When the marine forms of life are spoken of as having changed simultaneously throughout the world, it must not be supposed that this expression relates to the same thousandth or hundred-thousandth year, or even that it has a very strict geological sense; for if all the marine animals which live at the present day in Europe, and all those that lived in Europe during the pleistocene period (an enormously remote period as measured by years, including the whole glacial epoch), were to be compared with those now living in South America or in Australia, the most skilful naturalist would hardly be able to say whether the existing or the pleistocene inhabitants of Europe resembled most closely those of the southern hemisphere.

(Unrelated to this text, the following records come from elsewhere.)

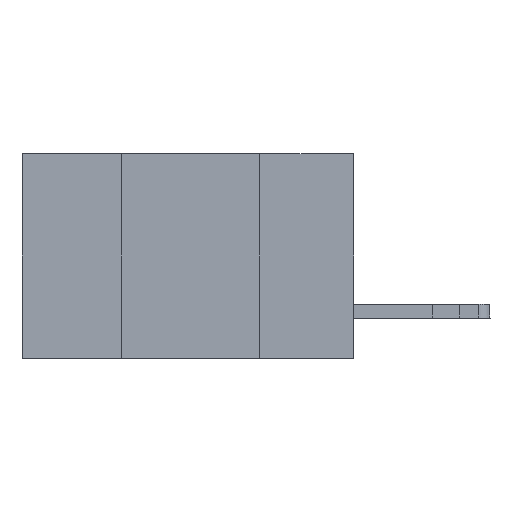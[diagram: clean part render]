
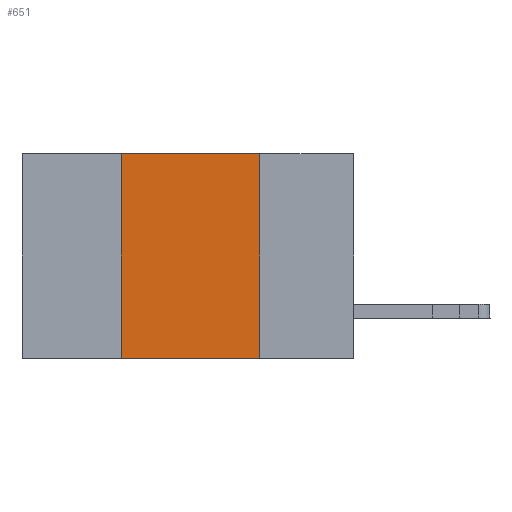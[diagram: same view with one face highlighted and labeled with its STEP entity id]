
A CAD part, left-side view. The second image highlights one B-rep face of the part: STEP entity #651.
In plain terms, the highlighted planar face has unit normal (-1, 0, 0).
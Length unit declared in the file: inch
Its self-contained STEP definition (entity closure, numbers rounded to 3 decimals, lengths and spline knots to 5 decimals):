
#651 = ADVANCED_FACE ( 'NONE', ( #27917 ), #7830, .F. ) ;
#673 = VERTEX_POINT ( 'NONE', #26577 ) ;
#1040 = AXIS2_PLACEMENT_3D ( 'NONE', #10206, #26482, #12570 ) ;
#3441 = CARTESIAN_POINT ( 'NONE',  ( 0., 0.6, -0.37 ) ) ;
#5060 = EDGE_CURVE ( 'NONE', #26286, #6807, #20005, .T. ) ;
#6544 = VECTOR ( 'NONE', #30187, 39.37008 ) ;
#6547 = VECTOR ( 'NONE', #29419, 39.37008 ) ;
#6807 = VERTEX_POINT ( 'NONE', #21892 ) ;
#7135 = CARTESIAN_POINT ( 'NONE',  ( 0., 0.17, 0. ) ) ;
#7231 = CARTESIAN_POINT ( 'NONE',  ( 0., 0.6, 0. ) ) ;
#7277 = LINE ( 'NONE', #17899, #6547 ) ;
#7551 = VECTOR ( 'NONE', #15225, 39.37008 ) ;
#7830 = PLANE ( 'NONE',  #1040 ) ;
#9387 = EDGE_CURVE ( 'NONE', #26286, #673, #25123, .T. ) ;
#9641 = ORIENTED_EDGE ( 'NONE', *, *, #23038, .F. ) ;
#9727 = ORIENTED_EDGE ( 'NONE', *, *, #27957, .F. ) ;
#10046 = ORIENTED_EDGE ( 'NONE', *, *, #9387, .F. ) ;
#10111 = ORIENTED_EDGE ( 'NONE', *, *, #5060, .T. ) ;
#10206 = CARTESIAN_POINT ( 'NONE',  ( 0., 0.6, 0. ) ) ;
#11040 = VECTOR ( 'NONE', #23555, 39.37008 ) ;
#12570 = DIRECTION ( 'NONE',  ( 0., 0., -1. ) ) ;
#15225 = DIRECTION ( 'NONE',  ( 0., -1., 0. ) ) ;
#17899 = CARTESIAN_POINT ( 'NONE',  ( 0., 0.17, 0. ) ) ;
#19399 = CARTESIAN_POINT ( 'NONE',  ( 0., 0.42, -0.37 ) ) ;
#20005 = LINE ( 'NONE', #3441, #7551 ) ;
#21892 = CARTESIAN_POINT ( 'NONE',  ( 0., 0.17, -0.37 ) ) ;
#23038 = EDGE_CURVE ( 'NONE', #29452, #6807, #7277, .T. ) ;
#23418 = LINE ( 'NONE', #7231, #11040 ) ;
#23555 = DIRECTION ( 'NONE',  ( 0., -1., 0. ) ) ;
#25123 = LINE ( 'NONE', #25432, #6544 ) ;
#25432 = CARTESIAN_POINT ( 'NONE',  ( 0., 0.42, 0. ) ) ;
#26286 = VERTEX_POINT ( 'NONE', #19399 ) ;
#26482 = DIRECTION ( 'NONE',  ( 1., 0., 0. ) ) ;
#26577 = CARTESIAN_POINT ( 'NONE',  ( 0., 0.42, 0. ) ) ;
#27627 = EDGE_LOOP ( 'NONE', ( #9641, #9727, #10046, #10111 ) ) ;
#27917 = FACE_OUTER_BOUND ( 'NONE', #27627, .T. ) ;
#27957 = EDGE_CURVE ( 'NONE', #673, #29452, #23418, .T. ) ;
#29419 = DIRECTION ( 'NONE',  ( 0., 0., -1. ) ) ;
#29452 = VERTEX_POINT ( 'NONE', #7135 ) ;
#30187 = DIRECTION ( 'NONE',  ( 0., 0., 1. ) ) ;

So, again, several highly competent observers believe that the existing productions of the United States are more closely related to those which lived in Europe during certain later tertiary stages, than to those which now live here; and if this be so, it is evident that fossiliferous beds deposited at the present day on the shores of North America would hereafter be liable to be classed with somewhat older European beds.
Nevertheless, looking to a remotely future epoch, there can, I think, be little doubt that all the more modern marine formations, namely, the upper pliocene, the pleistocene and strictly modern beds, of Europe, North and South America, and Australia, from containing fossil remains in some degree allied, and from not including those forms which are only found in the older underlying deposits, would be correctly ranked as simultaneous in a geological sense.
The fact of the forms of life changing simultaneously, in the above large sense, at distant parts of the world, has greatly struck those admirable observers, MM. de Verneuil and d'Archiac.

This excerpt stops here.